The function rule C = 40n + 210 relates the number of months n to cost in dollars C of a phone plan and budget phone. Make a table of the input/output pairs to show the cost of the phone and phone plan after 2, 12 and 24months
To create a table of input/output pairs, we will substitute the values of 2, 12, and 24 for n into the given function rule C = 40n + 210.
For n = 2:
C = 40(2) + 210
C = 80 + 210
C = 290
For n = 12:
C = 40(12) + 210
C = 480 + 210
C = 690
For n = 24:
C = 40(24) + 210
C = 960 + 210
C = 1170
Therefore, the table of input/output pairs is as follows:
| Months (n) | Cost (C) |
|------------|--------------|
| 2 | $290 |
| 12 | $690 |
| 24 | $1170 |
To create a table of the input/output pairs for the given function rule, we can substitute the values of n into the equation C = 40n + 210 and calculate the corresponding values of C.

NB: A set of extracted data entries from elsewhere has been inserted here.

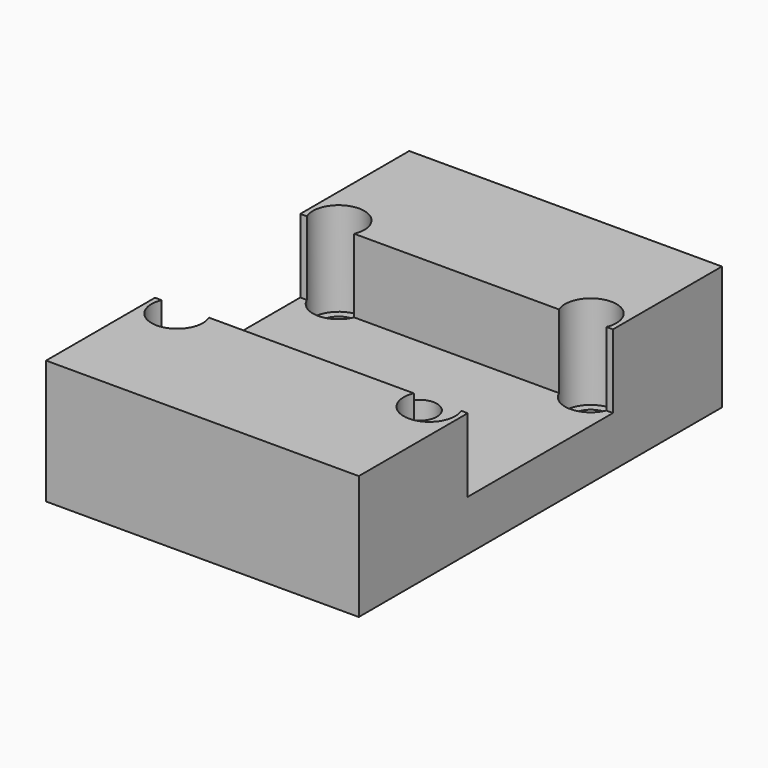
from build123d import *

# Parameters (mm, degrees)
F0_W     = 31
F0_H     = 45
F1_DEPTH = 3
F2_R     = 1.75
F3_DEPTH = 3
F4_DEPTH = 2
F5_DEPTH = 3
F6_DEPTH = 9.3


with BuildPart() as f1:
    # F0 (on Top) → F1 (new body)
    with BuildSketch(Plane.XY):
        with Locations((7.011689, -16.344135)):
            Rectangle(F0_W, F0_H)
    extrude(amount=F1_DEPTH)

    # F2 (on face) → F3 (cut, through all)
    with BuildSketch(Plane.XY.offset(3)):
        with Locations((10.511689, -16.344135)):
            Circle(F2_R)
    extrude(amount=-F3_DEPTH, mode=Mode.SUBTRACT)

    # F2 (on face) → F4 (join)
    with BuildSketch(Plane.XY.offset(3)):
        with BuildLine():
            Line((-7.834052, -25.344135), (-8.488311, -25.344135))
            Line((-8.488311, -25.344135), (-8.488311, -38.844135))
            Line((-8.488311, -38.844135), (22.511689, -38.844135))
            Line((22.511689, -38.844135), (22.511689, -25.344135))
            Line((22.511689, -25.344135), (21.85743, -25.344135))
            ThreePointArc((21.85743, -25.344135), (22.010102, -25.833811), (22.061689, -26.344135))
            ThreePointArc((22.061689, -26.344135), (19.001365, -28.842548), (17.165948, -25.344135))
            Line((17.165948, -25.344135), (-3.14257, -25.344135))
            ThreePointArc((-3.14257, -25.344135), (-2.989898, -25.833811), (-2.938311, -26.344135))
            ThreePointArc((-2.938311, -26.344135), (-5.998635, -28.842548), (-7.834052, -25.344135))
        make_face()
        with BuildLine():
            ThreePointArc((-3.14257, -7.344135), (-5.488311, -8.894135), (-7.834052, -7.344135))
            Line((-7.834052, -7.344135), (-8.488311, -7.344135))
            Line((-8.488311, -7.344135), (-8.488311, -25.344135))
            Line((-8.488311, -25.344135), (-7.834052, -25.344135))
            ThreePointArc((-7.834052, -25.344135), (-5.488311, -23.794135), (-3.14257, -25.344135))
            Line((-3.14257, -25.344135), (17.165948, -25.344135))
            ThreePointArc((17.165948, -25.344135), (19.511689, -23.794135), (21.85743, -25.344135))
            Line((21.85743, -25.344135), (22.511689, -25.344135))
            Line((22.511689, -25.344135), (22.511689, -7.344135))
            Line((22.511689, -7.344135), (21.85743, -7.344135))
            ThreePointArc((21.85743, -7.344135), (19.511689, -8.894135), (17.165948, -7.344135))
            Line((17.165948, -7.344135), (-3.14257, -7.344135))
        make_face()
        with Locations((10.511689, -16.344135)):
            Circle(F2_R, mode=Mode.SUBTRACT)
        with BuildLine():
            Line((-8.488311, -7.344135), (-7.834052, -7.344135))
            ThreePointArc((-7.834052, -7.344135), (-5.998635, -3.845721), (-2.938311, -6.344135))
            ThreePointArc((-2.938311, -6.344135), (-2.989898, -6.854459), (-3.14257, -7.344135))
            Line((-3.14257, -7.344135), (17.165948, -7.344135))
            ThreePointArc((17.165948, -7.344135), (19.001365, -3.845721), (22.061689, -6.344135))
            ThreePointArc((22.061689, -6.344135), (22.010102, -6.854459), (21.85743, -7.344135))
            Line((21.85743, -7.344135), (22.511689, -7.344135))
            Line((22.511689, -7.344135), (22.511689, 6.155865))
            Line((22.511689, 6.155865), (-8.488311, 6.155865))
            Line((-8.488311, 6.155865), (-8.488311, -7.344135))
        make_face()
    extrude(amount=F4_DEPTH)

    # F2 (on face) → F5 (cut, through all)
    with BuildSketch(Plane.XY.offset(3)):
        with BuildLine():
            ThreePointArc((-4.05217, -25.344135), (-5.488311, -24.594135), (-6.924452, -25.344135))
            Line((-6.924452, -25.344135), (-4.05217, -25.344135))
        make_face()
        with BuildLine():
            Line((-4.05217, -25.344135), (-6.924452, -25.344135))
            ThreePointArc((-6.924452, -25.344135), (-6.01236, -28.013827), (-3.738311, -26.344135))
            ThreePointArc((-3.738311, -26.344135), (-3.818618, -25.820086), (-4.05217, -25.344135))
        make_face()
        with BuildLine():
            ThreePointArc((20.94783, -25.344135), (19.511689, -24.594135), (18.075548, -25.344135))
            Line((18.075548, -25.344135), (20.94783, -25.344135))
        make_face()
        with BuildLine():
            Line((20.94783, -25.344135), (18.075548, -25.344135))
            ThreePointArc((18.075548, -25.344135), (18.98764, -28.013827), (21.261689, -26.344135))
            ThreePointArc((21.261689, -26.344135), (21.181382, -25.820086), (20.94783, -25.344135))
        make_face()
        with BuildLine():
            Line((20.94783, -7.344135), (18.075548, -7.344135))
            ThreePointArc((18.075548, -7.344135), (19.511689, -8.094135), (20.94783, -7.344135))
        make_face()
        with BuildLine():
            ThreePointArc((21.261689, -6.344135), (18.98764, -4.674442), (18.075548, -7.344135))
            Line((18.075548, -7.344135), (20.94783, -7.344135))
            ThreePointArc((20.94783, -7.344135), (21.181382, -6.868183), (21.261689, -6.344135))
        make_face()
        with BuildLine():
            Line((-4.05217, -7.344135), (-6.924452, -7.344135))
            ThreePointArc((-6.924452, -7.344135), (-5.488311, -8.094135), (-4.05217, -7.344135))
        make_face()
        with BuildLine():
            ThreePointArc((-4.05217, -7.344135), (-3.818618, -6.868183), (-3.738311, -6.344135))
            ThreePointArc((-3.738311, -6.344135), (-6.01236, -4.674442), (-6.924452, -7.344135))
            Line((-6.924452, -7.344135), (-4.05217, -7.344135))
        make_face()
    extrude(amount=-F5_DEPTH, mode=Mode.SUBTRACT)

    # F2 (on face) → F6 (join)
    with BuildSketch(Plane.XY.offset(3)):
        with BuildLine():
            Line((-8.488311, -7.344135), (-7.834052, -7.344135))
            ThreePointArc((-7.834052, -7.344135), (-5.998635, -3.845721), (-2.938311, -6.344135))
            ThreePointArc((-2.938311, -6.344135), (-2.989898, -6.854459), (-3.14257, -7.344135))
            Line((-3.14257, -7.344135), (17.165948, -7.344135))
            ThreePointArc((17.165948, -7.344135), (19.001365, -3.845721), (22.061689, -6.344135))
            ThreePointArc((22.061689, -6.344135), (22.010102, -6.854459), (21.85743, -7.344135))
            Line((21.85743, -7.344135), (22.511689, -7.344135))
            Line((22.511689, -7.344135), (22.511689, 6.155865))
            Line((22.511689, 6.155865), (-8.488311, 6.155865))
            Line((-8.488311, 6.155865), (-8.488311, -7.344135))
        make_face()
        with BuildLine():
            Line((-7.834052, -25.344135), (-8.488311, -25.344135))
            Line((-8.488311, -25.344135), (-8.488311, -38.844135))
            Line((-8.488311, -38.844135), (22.511689, -38.844135))
            Line((22.511689, -38.844135), (22.511689, -25.344135))
            Line((22.511689, -25.344135), (21.85743, -25.344135))
            ThreePointArc((21.85743, -25.344135), (22.010102, -25.833811), (22.061689, -26.344135))
            ThreePointArc((22.061689, -26.344135), (19.001365, -28.842548), (17.165948, -25.344135))
            Line((17.165948, -25.344135), (-3.14257, -25.344135))
            ThreePointArc((-3.14257, -25.344135), (-2.989898, -25.833811), (-2.938311, -26.344135))
            ThreePointArc((-2.938311, -26.344135), (-5.998635, -28.842548), (-7.834052, -25.344135))
        make_face()
    extrude(amount=F6_DEPTH)


solid = f1.part
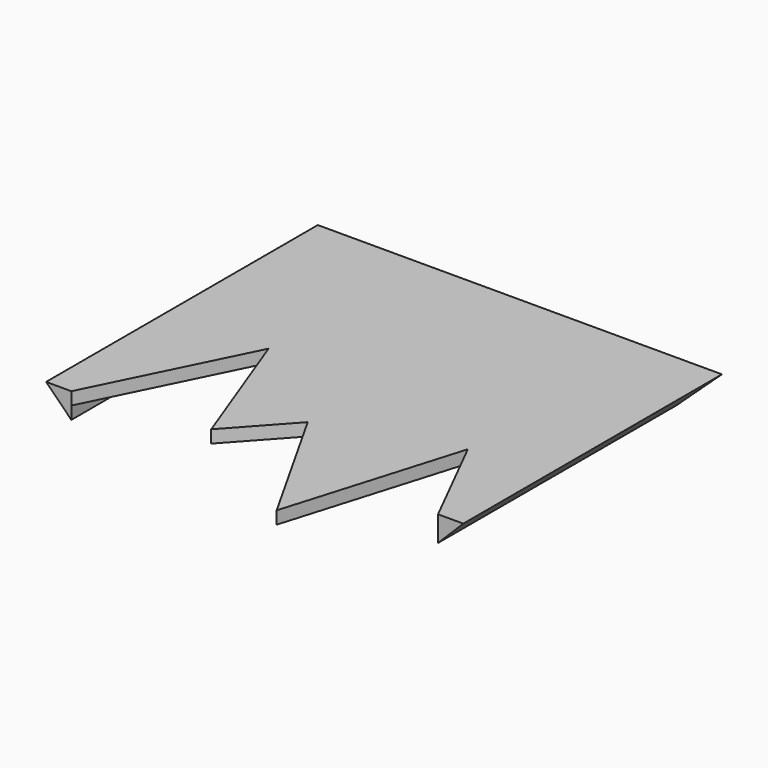
from build123d import *

# Parameters (mm, degrees)
F1_DEPTH = 5
F2_SIZE  = 4.99999
F4_DEPTH = 2.5


# Not quite as in the source:
# - a fillet or chamfer is up to 0.001 mm smaller than in the source, because OpenCascade refuses the exact size


with BuildPart() as f1:
    # F0 (on Top) → F1 (new body)
    with BuildSketch(Plane.XY):
        Polygon((24.9973740429, 8.3822524399), (35, -11.5), (35, 47.5), (-35, 47.5), (-35, -14.74), (-20.0927332044, 15.4384202456), (-10.1515629949, -11.1895798258), (0, 0), (14.7012080997, -26.056649141), align=None)
        Polygon((35, 47.5), (35, -11.5), (40, -11.5), (40, 52.5), (-40, 52.5), (-40, -14.74), (-35, -14.74), (-35, 47.5), align=None)
    extrude(amount=F1_DEPTH)

    # F2 (size 5 in the source; OpenCascade refuses exactly that, so slightly less here)
    f2_edges = [f1.edges().sort_by_distance(p)[0] for p in [
        (40, 20.5, 0),
        (0, 52.5, 0),
        (-40, 18.88, 0),
    ]]
    chamfer(f2_edges, length=F2_SIZE)

    # F3 (on face) → F4 (cut)
    with BuildSketch(Plane(origin=(0, 0, 0), x_dir=(1, 0, 0), z_dir=(0, 0, -1))):
        with BuildLine():
            ThreePointArc((33.7950026252, 9.1048227638), (34.6974429309, 4.5921078013), (35, 0))
            Line((35, 0), (35, 11.5))
            Line((35, 11.5), (33.7950026252, 9.1048227638))
        make_face()
        with BuildLine():
            Line((-35, 14.74), (-35, 0))
            ThreePointArc((-35, 0), (-34.5462442763, 5.6175623185), (-33.1967424913, 11.0894674339))
            Line((-33.1967424913, 11.0894674339), (-35, 14.74))
        make_face()
        with BuildLine():
            ThreePointArc((-33.1967424913, 11.0894674339), (-34.5462442763, 5.6175623185), (-35, 0))
            ThreePointArc((-35, 0), (0, -35), (35, 0))
            ThreePointArc((35, 0), (34.6974429309, 4.5921078013), (33.7950026252, 9.1048227638))
            Line((33.7950026252, 9.1048227638), (24.9973740429, -8.3822524399))
            Line((24.9973740429, -8.3822524399), (14.7012080997, 26.056649141))
            Line((14.7012080997, 26.056649141), (0, 0))
            Line((0, 0), (-10.1515629949, 11.1895798258))
            Line((-10.1515629949, 11.1895798258), (-20.0927332044, -15.4384202456))
            Line((-20.0927332044, -15.4384202456), (-33.1967424913, 11.0894674339))
        make_face()
    extrude(amount=-F4_DEPTH, mode=Mode.SUBTRACT)


solid = f1.part

Let's start with the given inputs: 2, 12, and 24 months.
For n = 2:
- Substitute n = 2 into the equation: C = 40(2) + 210
- Perform the calculation: C = 80 + 210
- Evaluate the expression: C = 290
- So after 2 months, the cost of the phone plan will be $290.
For n = 12:
- Substitute n = 12 into the equation: C = 40(12) + 210
- Perform the calculation: C = 480 + 210
- Evaluate the expression: C = 690
- So after 12 months, the cost of the phone plan will be $690.
For n = 24:
- Substitute n = 24 into the equation: C = 40(24) + 210
- Perform the calculation: C = 960 + 210
- Evaluate the expression: C = 1170
- So after 24 months, the cost of the phone plan will be $1170.
Now, we can create the table:
| Months (n) | Cost (C) |
|------------|--------------|
| 2 | $290 |
| 12 | $690 |
| 24 | $1170 |
In this table, the first column represents the input (number of months) and the second column represents the output (cost in dollars) according to the provided function rule.